The department expects to earn a couple of thousand dollars from the venture, as well as points from OSU’s administration. Should the big publishers worry about such grass-roots competition? “I can’t be sure if this is linked to our innovation, but the local bookshops are selling the Norton anthology at a discount,” Mr. Dutton reports in an e-mail message to The Chronicle. “I do know that the local representative of Longman … has been sending alarm bells to her head office.”

And, he adds, voicing a suspicion shared by many, “the secondhand market is, of course, the real reason why the big publishers have to keep revamping their offerings.”

Is frequent revision to anthology publishers what proprietary pincites are to West?

2 thoughts on “Humanities Hobbled by Copyright Law”

  1. Ever since I read ‘the long tail’ which says that 90% of books sell less than 1000 copies and having heard about how academics give their works and copyright to academic presses, I wonder why no one has gone to self-publishing with something like lulu or why someone has not created a small press for academic works that does not ‘steal’ authors works the author wanted to have wide distribution at a reasonable cost and simply amass tons of papers and charge tons of dollars for. It reminds me of the riaa-like model. And some artists are now able to exists outside of that economy of total right transfer and make better deals.

  2. I’m not entirely certain that the cause is quite so clear as Professor Pasquale implies. It is not the “archaic copyright system” per se, but a combination of archaic publishing-industry contracting practices and the work-for-hire doctrine, that seems to be at the root of what’s going on. (N.B. I was in-house at a publisher with an extensive academic operation, so I’ve seen the permissions process up close and impersonal.)

    The combination looks something like this:

    * The US WFH doctrine allows publishers a default right to assert control over contributions to a collection, anthology, or serial… presuming that the other prerequisites to WFH treatment are met.
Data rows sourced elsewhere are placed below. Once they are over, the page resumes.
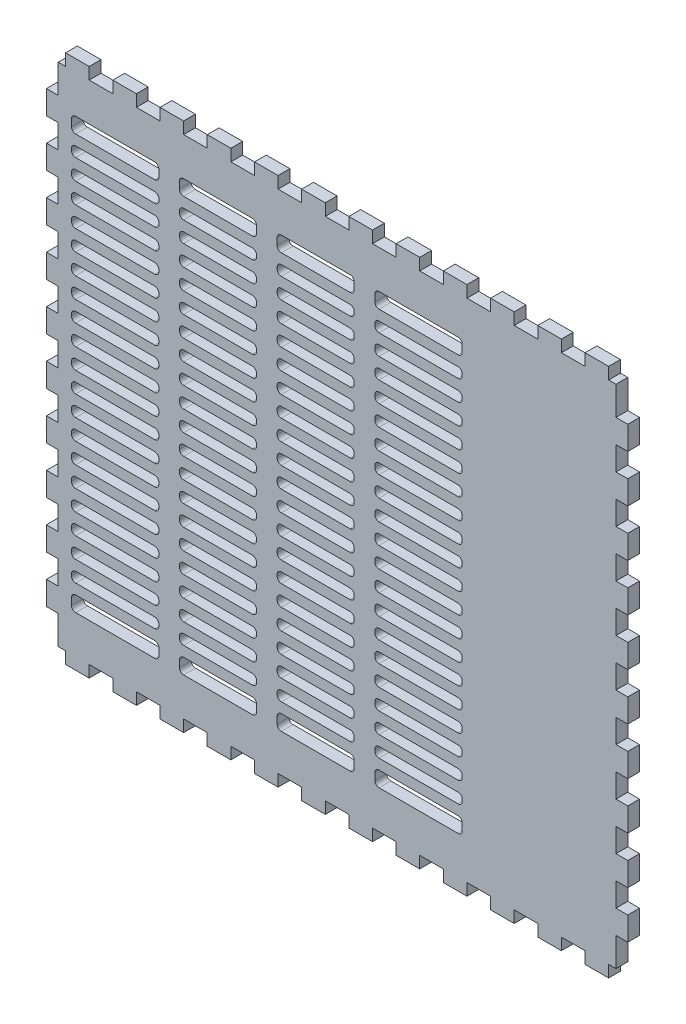
from build123d import *

# Parameters (mm, degrees)
BOSS_EXTRUDE1_DEPTH = 5.715
VENT1_DEPTH         = 5.715
FILLET1_R           = 2


# Read off the part's stored shape, not the designer's step: Vent1
with BuildPart() as part:
    # Model → Boss-Extrude1 (new body)
    with BuildSketch(Plane.XY):
        Polygon((584.69022, 28.91536), (588.24368, 28.91536), (588.24368, 23.2006394), (599.67622, 23.2006394), (599.67622, 28.91536), (611.10622, 28.91536), (611.10622, 23.2006394), (622.53622, 23.2006394), (622.53622, 28.91536), (633.96622, 28.91536), (633.96622, 23.2006394), (645.39368, 23.2006394), (645.39368, 28.91536), (656.82622, 28.91536), (656.82622, 23.2006394), (668.25622, 23.2006394), (668.25622, 28.91536), (679.68622, 28.91536), (679.68622, 23.2006394), (691.11622, 23.2006394), (691.11622, 28.91536), (702.54368, 28.91536), (702.54368, 23.2006394), (713.97622, 23.2006394), (713.97622, 28.91536), (725.40622, 28.91536), (725.40622, 23.2006394), (736.83622, 23.2006394), (736.83622, 28.91536), (748.26622, 28.91536), (748.26622, 23.2006394), (759.69368, 23.2006394), (759.69368, 28.91536), (771.12622, 28.91536), (771.12622, 23.2006394), (782.55622, 23.2006394), (782.55622, 28.91536), (793.98622, 28.91536), (793.98622, 23.2006394), (805.41622, 23.2006394), (805.41622, 28.91536), (816.84368, 28.91536), (816.84368, 23.2006394), (828.27622, 23.2006394), (828.27622, 28.91536), (839.70622, 28.91536), (839.70622, 23.2006394), (851.13622, 23.2006394), (851.13622, 28.91536), (854.68968, 28.91536), (854.68968, 42.83075), (860.40468, 42.83075), (860.40468, 54.260496), (854.68968, 54.260496), (854.68968, 65.691004), (860.40468, 65.691004), (860.40468, 77.120496), (854.68968, 77.120496), (854.68968, 88.549988), (860.40468, 88.549988), (860.40468, 99.98075), (854.68968, 99.98075), (854.68968, 111.410496), (860.40468, 111.410496), (860.40468, 122.841004), (854.68968, 122.841004), (854.68968, 134.270496), (860.40468, 134.270496), (860.40468, 145.699988), (854.68968, 145.699988), (854.68968, 157.13075), (860.40468, 157.13075), (860.40468, 168.560496), (854.68968, 168.560496), (854.68968, 179.991004), (860.40468, 179.991004), (860.40468, 191.420496), (854.68968, 191.420496), (854.68968, 202.849988), (860.40468, 202.849988), (860.40468, 214.28075), (854.68968, 214.28075), (854.68968, 225.710496), (860.40468, 225.710496), (860.40468, 237.141004), (854.68968, 237.141004), (854.68968, 248.570496), (860.40468, 248.570496), (860.40468, 259.99948), (854.68968, 259.99948), (854.68968, 273.91614), (851.13622, 273.91614), (851.13622, 279.63114), (839.70622, 279.63114), (839.70622, 273.91614), (828.27622, 273.91614), (828.27622, 279.63114), (816.84368, 279.63114), (816.84368, 273.91614), (805.41622, 273.91614), (805.41622, 279.63114), (793.98622, 279.63114), (793.98622, 273.91614), (782.55622, 273.91614), (782.55622, 279.63114), (771.12622, 279.63114), (771.12622, 273.91614), (759.69368, 273.91614), (759.69368, 279.63114), (748.26622, 279.63114), (748.26622, 273.91614), (736.83622, 273.91614), (736.83622, 279.63114), (725.40622, 279.63114), (725.40622, 273.91614), (713.97622, 273.91614), (713.97622, 279.63114), (702.54368, 279.63114), (702.54368, 273.91614), (691.11622, 273.91614), (691.11622, 279.63114), (679.68622, 279.63114), (679.68622, 273.91614), (668.25622, 273.91614), (668.25622, 279.63114), (656.82622, 279.63114), (656.82622, 273.91614), (645.39368, 273.91614), (645.39368, 279.63114), (633.96622, 279.63114), (633.96622, 273.91614), (622.53622, 273.91614), (622.53622, 279.63114), (611.10622, 279.63114), (611.10622, 273.91614), (599.67622, 273.91614), (599.67622, 279.63114), (588.24368, 279.63114), (588.24368, 273.91614), (584.69022, 273.91614), (584.69022, 259.99948), (578.97522, 259.99948), (578.97522, 248.570496), (584.69022, 248.570496), (584.69022, 237.141004), (578.97522, 237.141004), (578.97522, 225.710496), (584.69022, 225.710496), (584.69022, 214.28075), (578.97522, 214.28075), (578.97522, 202.849988), (584.69022, 202.849988), (584.69022, 191.420496), (578.97522, 191.420496), (578.97522, 179.991004), (584.69022, 179.991004), (584.69022, 168.560496), (578.97522, 168.560496), (578.97522, 157.13075), (584.69022, 157.13075), (584.69022, 145.699988), (578.97522, 145.699988), (578.97522, 134.270496), (584.69022, 134.270496), (584.69022, 122.841004), (578.97522, 122.841004), (578.97522, 111.410496), (584.69022, 111.410496), (584.69022, 99.98075), (578.97522, 99.98075), (578.97522, 88.549988), (584.69022, 88.549988), (584.69022, 77.120496), (578.97522, 77.120496), (578.97522, 65.691004), (584.69022, 65.691004), (584.69022, 54.260496), (578.97522, 54.260496), (578.97522, 42.83075), (584.69022, 42.83075), align=None)
    extrude(amount=BOSS_EXTRUDE1_DEPTH)

    # Vent1 outline → Vent1 (cut)
    with BuildSketch(Plane.XY):
        with BuildLine():
            ThreePointArc((633.397453047, 253.451283906), (632.811666609, 254.865497468), (631.397453047, 255.451283906))
            Line((631.397453047, 255.451283906), (591.104686094, 255.451283906))
            Line((591.104686094, 255.451283906), (591.104686094, 250.04313782))
            ThreePointArc((591.104686094, 250.04313782), (591.690472532, 248.628924257), (593.104686094, 248.04313782))
            Line((593.104686094, 248.04313782), (631.397453047, 248.04313782))
            ThreePointArc((631.397453047, 248.04313782), (632.811666609, 248.628924257), (633.397453047, 250.04313782))
            Line((633.397453047, 250.04313782), (633.397453047, 253.451283906))
        make_face()
        with BuildLine():
            ThreePointArc((680.69022, 253.451283906), (680.104433562, 254.865497468), (678.69022, 255.451283906))
            Line((678.69022, 255.451283906), (645.397453047, 255.451283906))
            ThreePointArc((645.397453047, 255.451283906), (643.983239485, 254.865497468), (643.397453047, 253.451283906))
            Line((643.397453047, 253.451283906), (643.397453047, 250.04313782))
            ThreePointArc((643.397453047, 250.04313782), (643.983239485, 248.628924257), (645.397453047, 248.04313782))
            Line((645.397453047, 248.04313782), (678.69022, 248.04313782))
            ThreePointArc((678.69022, 248.04313782), (680.104433562, 248.628924257), (680.69022, 250.04313782))
            Line((680.69022, 250.04313782), (680.69022, 253.451283906))
        make_face()
        with BuildLine():
            ThreePointArc((727.982986953, 253.451283906), (727.397200515, 254.865497468), (725.982986953, 255.451283906))
            Line((725.982986953, 255.451283906), (692.69022, 255.451283906))
            ThreePointArc((692.69022, 255.451283906), (691.276006438, 254.865497468), (690.69022, 253.451283906))
            Line((690.69022, 253.451283906), (690.69022, 250.04313782))
            ThreePointArc((690.69022, 250.04313782), (691.276006437, 248.628924257), (692.69022, 248.04313782))
            Line((692.69022, 248.04313782), (725.982986953, 248.04313782))
            ThreePointArc((725.982986953, 248.04313782), (727.397200516, 248.628924257), (727.982986953, 250.04313782))
            Line((727.982986953, 250.04313782), (727.982986953, 253.451283906))
        make_face()
        with BuildLine():
            Line((780.275753906, 250.04313782), (780.275753906, 255.451283906))
            Line((780.275753906, 255.451283906), (739.982986953, 255.451283906))
            ThreePointArc((739.982986953, 255.451283906), (738.568773391, 254.865497468), (737.982986953, 253.451283906))
            Line((737.982986953, 253.451283906), (737.982986953, 250.04313782))
            ThreePointArc((737.982986953, 250.04313782), (738.568773391, 248.628924257), (739.982986953, 248.04313782))
            Line((739.982986953, 248.04313782), (778.275753906, 248.04313782))
            ThreePointArc((778.275753906, 248.04313782), (779.689967468, 248.628924257), (780.275753906, 250.04313782))
        make_face()
        with BuildLine():
            Line((591.104686094, 52.78836218), (591.104686094, 47.380216094))
            Line((591.104686094, 47.380216094), (631.397453047, 47.380216094))
            ThreePointArc((631.397453047, 47.380216094), (632.811666609, 47.966002532), (633.397453047, 49.380216094))
            Line((633.397453047, 49.380216094), (633.397453047, 52.78836218))
            ThreePointArc((633.397453047, 52.78836218), (632.811666609, 54.202575742), (631.397453047, 54.78836218))
            Line((631.397453047, 54.78836218), (593.104686094, 54.78836218))
            ThreePointArc((593.104686094, 54.78836218), (591.690472532, 54.202575743), (591.104686094, 52.78836218))
        make_face()
        with BuildLine():
            ThreePointArc((643.397453047, 49.380216094), (643.983239485, 47.966002532), (645.397453047, 47.380216094))
            Line((645.397453047, 47.380216094), (678.69022, 47.380216094))
            ThreePointArc((678.69022, 47.380216094), (680.104433562, 47.966002532), (680.69022, 49.380216094))
            Line((680.69022, 49.380216094), (680.69022, 52.78836218))
            ThreePointArc((680.69022, 52.78836218), (680.104433562, 54.202575743), (678.69022, 54.78836218))
            Line((678.69022, 54.78836218), (645.397453047, 54.78836218))
            ThreePointArc((645.397453047, 54.78836218), (643.983239485, 54.202575742), (643.397453047, 52.78836218))
            Line((643.397453047, 52.78836218), (643.397453047, 49.380216094))
        make_face()
        with BuildLine():
            ThreePointArc((690.69022, 49.380216094), (691.276006438, 47.966002532), (692.69022, 47.380216094))
            Line((692.69022, 47.380216094), (725.982986953, 47.380216094))
            ThreePointArc((725.982986953, 47.380216094), (727.397200515, 47.966002532), (727.982986953, 49.380216094))
            Line((727.982986953, 49.380216094), (727.982986953, 52.78836218))
            ThreePointArc((727.982986953, 52.78836218), (727.397200516, 54.202575742), (725.982986953, 54.78836218))
            Line((725.982986953, 54.78836218), (692.69022, 54.78836218))
            ThreePointArc((692.69022, 54.78836218), (691.276006437, 54.202575742), (690.69022, 52.78836218))
            Line((690.69022, 52.78836218), (690.69022, 49.380216094))
        make_face()
        with BuildLine():
            ThreePointArc((737.982986953, 49.380216094), (738.568773391, 47.966002532), (739.982986953, 47.380216094))
            Line((739.982986953, 47.380216094), (780.275753906, 47.380216094))
            Line((780.275753906, 47.380216094), (780.275753906, 52.78836218))
            ThreePointArc((780.275753906, 52.78836218), (779.689967468, 54.202575742), (778.275753906, 54.78836218))
            Line((778.275753906, 54.78836218), (739.982986953, 54.78836218))
            ThreePointArc((739.982986953, 54.78836218), (738.568773391, 54.202575742), (737.982986953, 52.78836218))
            Line((737.982986953, 52.78836218), (737.982986953, 49.380216094))
        make_face()
        with BuildLine():
            Line((593.104686094, 59.78836218), (631.397453047, 59.78836218))
            ThreePointArc((631.397453047, 59.78836218), (632.811666609, 60.374148618), (633.397453047, 61.78836218))
            Line((633.397453047, 61.78836218), (633.397453047, 62.696508267))
            ThreePointArc((633.397453047, 62.696508267), (632.811666609, 64.110721829), (631.397453047, 64.696508267))
            Line((631.397453047, 64.696508267), (593.104686094, 64.696508267))
            ThreePointArc((593.104686094, 64.696508267), (591.690472532, 64.110721829), (591.104686094, 62.696508267))
            Line((591.104686094, 62.696508267), (591.104686094, 61.78836218))
            ThreePointArc((591.104686094, 61.78836218), (591.690472532, 60.374148618), (593.104686094, 59.78836218))
        make_face()
        with BuildLine():
            Line((645.397453047, 59.78836218), (678.69022, 59.78836218))
            ThreePointArc((678.69022, 59.78836218), (680.104433562, 60.374148618), (680.69022, 61.78836218))
            Line((680.69022, 61.78836218), (680.69022, 62.696508267))
            ThreePointArc((680.69022, 62.696508267), (680.104433562, 64.110721829), (678.69022, 64.696508267))
            Line((678.69022, 64.696508267), (645.397453047, 64.696508267))
            ThreePointArc((645.397453047, 64.696508267), (643.983239485, 64.110721829), (643.397453047, 62.696508267))
            Line((643.397453047, 62.696508267), (643.397453047, 61.78836218))
            ThreePointArc((643.397453047, 61.78836218), (643.983239485, 60.374148618), (645.397453047, 59.78836218))
        make_face()
        with BuildLine():
            Line((692.69022, 59.78836218), (725.982986953, 59.78836218))
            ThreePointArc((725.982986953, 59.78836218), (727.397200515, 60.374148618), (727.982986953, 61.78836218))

    * Publishing industry contracting practices greatly extend WFH treatment beyond the statute’s scope (either the 1909 Act or the 1976 Act, take your pick — it’s the same problem). Most academic publishing contracts ARE NOT negotiated, but are essentially boilerplate, particularly for journals and for those seeking tenure. Most authors — particularly academics — are not sophisticated enough to spot the rights grabs, let alone the parts that are not enforceable (e.g., claiming an article as a WFH when it was not commissioned).

    If the publishing industry would use the correct terminology — a publishing agreement is a license, not a sale, for works that do not PROPERLY fall within WFH, particularly in light of sections 203 and 304(c) — this would be less of a problem. However, that’s not going to happen any time soon, because it’s not in the industry’s immediate financial interest… even though it IS in the industry’s longterm economic interest. I’ll leave my muttering about “the tyranny of the quarterly earnings report” for another time.